Joe had calmed considerably, now that the man’s true measure had surfaced. He’d morphed quickly in Joe’s mind from being his lover’s ex-husband to just another pissed-off member of the public—a creature with which Joe was all too familiar.
“I would recommend that you call your ex-wife,” he therefore counseled, “and discuss that with her.

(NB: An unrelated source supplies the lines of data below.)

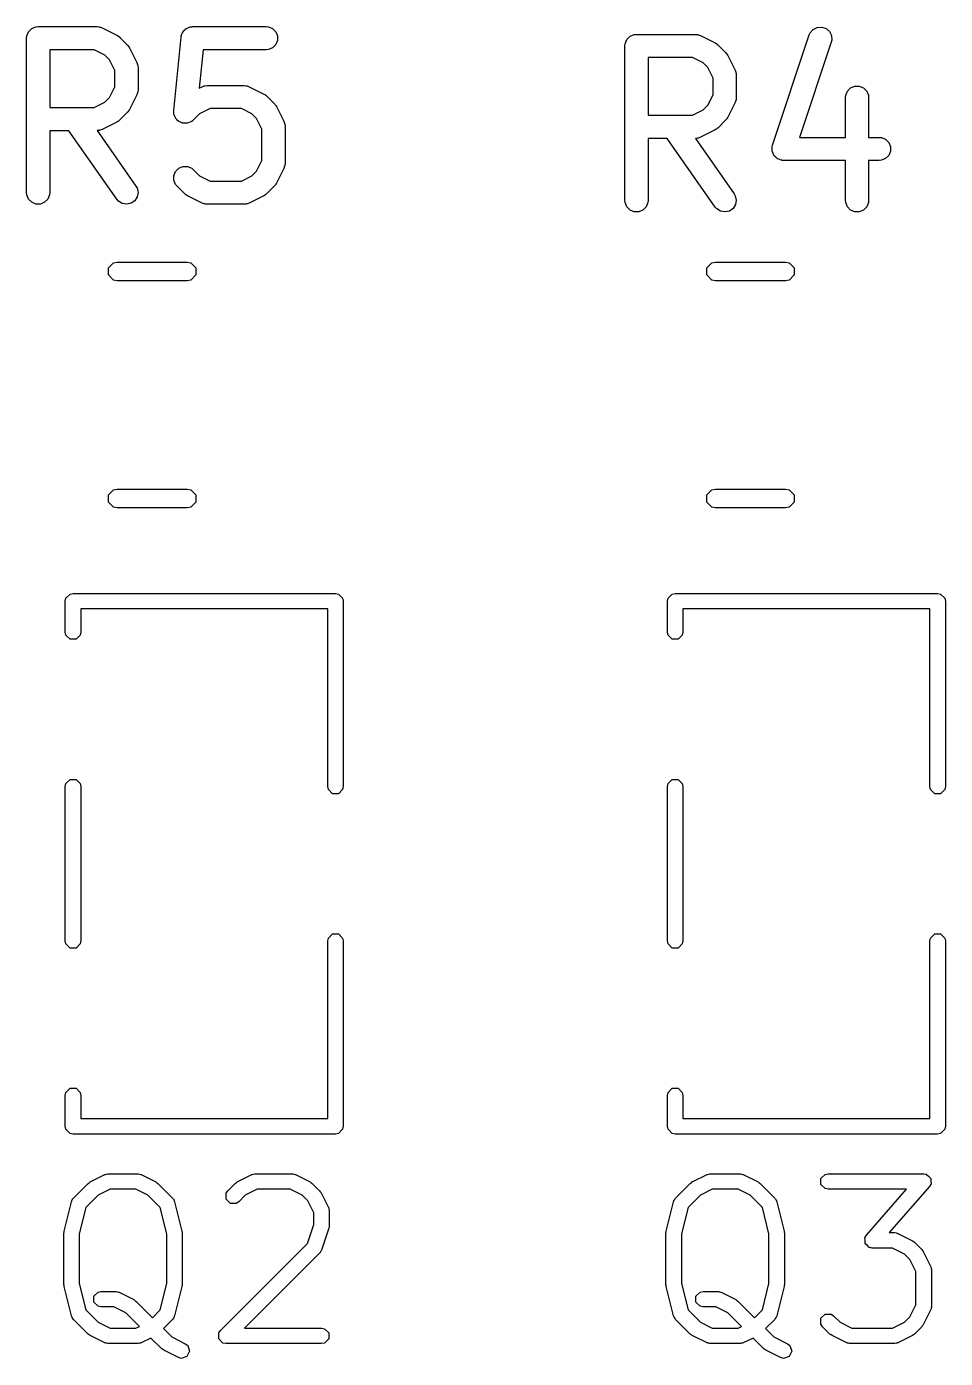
# Model space of a CAD drawing. Header units: inches. Extents: x 2.93 to 6.73, y -4.05 to -2.01.
# Drawn here: x 6.248 to 6.4823, y -3.5552 to -3.2157 of the extents above; entities that cross this region are included whole.
import ezdxf

# ---------------------------------------------------------------- set-up
doc = ezdxf.new("R2010")
doc.units = ezdxf.units.IN
doc.header["$MEASUREMENT"] = 0
doc.layers.add('BLACK', color=7, linetype='CONTINUOUS')

msp = doc.modelspace()

# ---------------------------------------------------------------- linework, layer by layer
at = {"layer": 'BLACK', "linetype": 'CONTINUOUS'}
for p, q in [((6.24801, -3.21869), (6.24806, -3.21812)), ((6.24806, -3.21812), (6.24851, -3.21705)), ((6.24851, -3.21705), (6.24932, -3.21624)), ((6.24932, -3.21624), (6.25038, -3.2158)), ((6.25038, -3.2158), (6.25096, -3.21574)), ((6.25096, -3.21574), (6.26596, -3.21574)), ((6.26596, -3.21574), (6.26654, -3.2158)), ((6.26654, -3.2158), (6.26663, -3.21584)), ((6.26663, -3.21584), (6.26674, -3.21585)), ((6.26674, -3.21585), (6.26728, -3.21605)), ((6.26728, -3.21605), (6.27103, -3.21793)), ((6.27103, -3.21793), (6.27128, -3.21808)), ((6.27128, -3.21808), (6.27135, -3.21811)), ((6.27135, -3.21811), (6.27143, -3.21818)), ((6.27143, -3.21818), (6.27152, -3.21824)), ((6.27152, -3.21824), (6.27157, -3.21829)), ((6.28739, -3.2184), (6.28743, -3.21819)), ((6.28743, -3.21812), (6.28746, -3.21805)), ((6.28743, -3.21819), (6.28743, -3.21812)), ((6.28746, -3.21805), (6.28751, -3.21783)), ((6.28751, -3.21783), (6.28771, -3.21745)), ((6.28771, -3.21745), (6.28788, -3.21705)), ((6.28788, -3.21705), (6.28798, -3.21695)), ((6.28798, -3.21695), (6.28805, -3.21682)), ((6.28805, -3.21682), (6.28839, -3.21654)), ((6.28839, -3.21654), (6.28869, -3.21624)), ((6.28869, -3.21624), (6.28883, -3.21618)), ((6.28883, -3.21618), (6.28894, -3.21609)), ((6.28894, -3.21609), (6.28936, -3.21596)), ((6.28936, -3.21596), (6.28975, -3.2158)), ((6.28975, -3.2158), (6.28998, -3.21578)), ((6.28998, -3.21578), (6.29005, -3.21575)), ((6.29005, -3.21575), (6.29012, -3.21576)), ((6.29012, -3.21576), (6.29033, -3.21574)), ((6.29033, -3.21574), (6.30908, -3.21574)), ((6.30908, -3.21574), (6.30965, -3.2158)), ((6.30965, -3.2158), (6.31072, -3.21624)), ((6.31072, -3.21624), (6.31153, -3.21705)), ((6.31153, -3.21705), (6.31197, -3.21812)), ((6.31197, -3.21812), (6.31197, -3.21927)), ((6.40106, -3.21902), (6.40188, -3.21821)), ((6.40188, -3.21821), (6.40294, -3.21777)), ((6.40294, -3.21777), (6.40352, -3.21771)), ((6.40352, -3.21771), (6.41852, -3.21771)), ((6.41852, -3.21771), (6.41909, -3.21777)), ((6.41909, -3.21777), (6.41919, -3.21781)), ((6.41919, -3.21781), (6.4193, -3.21781)), ((6.4193, -3.21781), (6.41984, -3.21802)), ((6.41984, -3.21802), (6.42359, -3.2199)), ((6.43821, -3.24598), (6.44759, -3.21785)), ((6.44759, -3.21785), (6.44782, -3.21733)), ((6.44782, -3.21733), (6.44858, -3.21645)), ((6.44858, -3.21645), (6.44961, -3.21594)), ((6.44961, -3.21594), (6.45076, -3.21586)), ((6.45076, -3.21586), (6.45185, -3.21622)), ((6.45185, -3.21622), (6.45272, -3.21698)), ((6.45272, -3.21698), (6.45324, -3.21801)), ((6.45324, -3.21801), (6.45332, -3.21916)), ((6.24801, -3.25806), (6.24801, -3.21869)), ((6.27157, -3.21829), (6.2718, -3.21848)), ((6.2718, -3.21848), (6.27367, -3.22036)), ((6.27367, -3.22036), (6.27386, -3.22058)), ((6.27386, -3.22058), (6.27392, -3.22063)), ((6.27392, -3.22063), (6.27397, -3.22072)), ((6.27397, -3.22072), (6.27404, -3.2208)), ((6.27404, -3.2208), (6.27407, -3.22087)), ((6.27407, -3.22087), (6.27422, -3.22112)), ((6.27422, -3.22112), (6.2761, -3.22487)), ((6.28552, -3.23715), (6.28739, -3.2184)), ((6.30965, -3.22159), (6.30908, -3.22165)), ((6.31072, -3.22115), (6.30965, -3.22159)), ((6.31153, -3.22033), (6.31072, -3.22115)), ((6.31197, -3.21927), (6.31153, -3.22033)), ((6.40057, -3.22066), (6.40062, -3.22009)), ((6.40057, -3.26003), (6.40057, -3.22066)), ((6.40062, -3.22009), (6.40106, -3.21902)), ((6.42359, -3.2199), (6.42384, -3.22005)), ((6.42384, -3.22005), (6.42391, -3.22008)), ((6.42391, -3.22008), (6.42399, -3.22015)), ((6.42399, -3.22015), (6.42408, -3.2202)), ((6.42408, -3.2202), (6.42413, -3.22026)), ((6.42413, -3.22026), (6.42436, -3.22045)), ((6.42436, -3.22045), (6.42623, -3.22232)), ((6.45319, -3.21972), (6.44511, -3.24396)), ((6.45332, -3.21916), (6.45319, -3.21972)), ((6.26526, -3.22165), (6.25391, -3.22165)), ((6.25391, -3.22165), (6.25391, -3.23636)), ((6.26796, -3.223), (6.26526, -3.22165)), ((6.26916, -3.22419), (6.26796, -3.223)), ((6.27051, -3.22689), (6.26916, -3.22419)), ((6.2761, -3.22487), (6.27631, -3.22541)), ((6.293, -3.22165), (6.29203, -3.23142)), ((6.30908, -3.22165), (6.293, -3.22165)), ((6.41782, -3.22361), (6.40647, -3.22361)), ((6.40647, -3.22361), (6.40647, -3.23833)), ((6.42052, -3.22496), (6.41782, -3.22361)), ((6.42172, -3.22616), (6.42052, -3.22496)), ((6.42623, -3.22232), (6.42642, -3.22255)), ((6.42642, -3.22255), (6.42647, -3.2226)), ((6.42647, -3.2226), (6.42653, -3.22269)), ((6.42653, -3.22269), (6.4266, -3.22277)), ((6.4266, -3.22277), (6.42663, -3.22284)), ((6.42663, -3.22284), (6.42678, -3.22309)), ((6.42678, -3.22309), (6.42866, -3.22684)), ((6.27051, -3.23112), (6.27051, -3.22689)), ((6.27631, -3.22541), (6.27631, -3.22552)), ((6.27631, -3.22552), (6.27635, -3.22562)), ((6.27635, -3.22562), (6.27641, -3.22619)), ((6.27641, -3.22619), (6.27641, -3.23182)), ((6.42306, -3.22886), (6.42172, -3.22616)), ((6.42866, -3.22684), (6.42886, -3.22738)), ((6.42886, -3.22738), (6.42887, -3.22749)), ((6.42887, -3.22749), (6.42891, -3.22759)), ((6.42891, -3.22759), (6.42897, -3.22816)), ((6.42897, -3.22816), (6.42897, -3.23379)), ((6.26916, -3.23382), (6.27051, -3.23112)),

You’ll find her as ignorant as you, and by her own preference.”
Reiling maintained what he hoped, no doubt, was an intimidating expression, but his accompanying silence revealed an underlying hesitance. Joe remained quiet to see what developed.
Reiling took a breath, and his shoulders sagged slightly. “I’m being an asshole,” he said softly. “Sorry.”
“You’re under stress,” Joe suggested, relieved. “I’d react poorly if my daughter were being targeted.”
Now torn between gratitude and lingering suspicion, Reiling studied Joe before saying, “You’re being kind.”
“Maybe,” Joe admitted. “Which doesn’t mean it’s not true. I will promise you,” he said with more meaning than he guessed Reiling knew, “that your daughter will receive the protection I’d give my own child. This is not routine to me. I can’t grant what you asked for just now, but I will give you that much.”
The lawyer considered it briefly, as if he had options, before getting to his feet and shaking hands once more. “I’ll hold you to that.”
The Willy Kunkle part of Joe’s brain was tempted to respond, Whatever, to match Reiling’s own tinny bravura, but instead he kept it to, “I expect nothing less,” and escorted him out of the office.
He was still standing in the lobby, reviewing his impressions of the man who’d shared Beverly’s life for almost twenty years, when a soft
voice asked behind him, “My dad gone?”
He turned to see Rachel standing with the inner door held open in her hand, the look on her face hovering between quizzical and vulnerable.
He ushered her back into the office, surprised by the emotional lurch he felt in his chest at her appearance. “Yeah. Did you want to talk to him? I should’ve asked.”
“I’m fine.”
They walked over to a small side room where the squad kept the coffee machine, a microwave, and a fridge.
Joe poured them both coffee. “You two get along?” he asked lightly, guiltily hoping for a negative response.
“Okay,” she said. “We’re not buddy-buddy. Anne and I aren’t important enough.”
Joe silently stirred in his usual startling amount of cream and sugar.
“He was never around much,” she told him.
Joe stated the obvious as they returned to the room where they were keeping her until they set up alternative quarters. “He was building a pretty big career.”
“So was my mom,” she said simply.
That was true. Beverly had turned the medical examiner’s office into an enviable institution—to the point where she and members of her small staff were often asked to share their methods and practices with other state OCMEs across the country.
“She was home every night,” Rachel finished as they reached her door and entered. “Close enough, anyhow.”
They sat opposite each other as they had hours earlier, when her mother had been with them.
“Did the guys bring you everything you asked for from your dorm room?” Joe asked. “Clothes, books, iStuff?”
She finished sipping her coffee. “Yes, thank you.”
“We’ve almost set up where you’re going to be staying. We’re just putting the final touches on the security. I hope today hasn’t been too wearing.”
She didn’t answer, and the makeshift bedroom became awkwardly quiet. Joe considered what to say next.
“I know about you and my mom,” she said.
He focused on her face. “I’m sorry?”
She smiled, holding her mug in both hands. “It’s okay. I’m happy she’s found someone. So’s Anne. We talked about it.”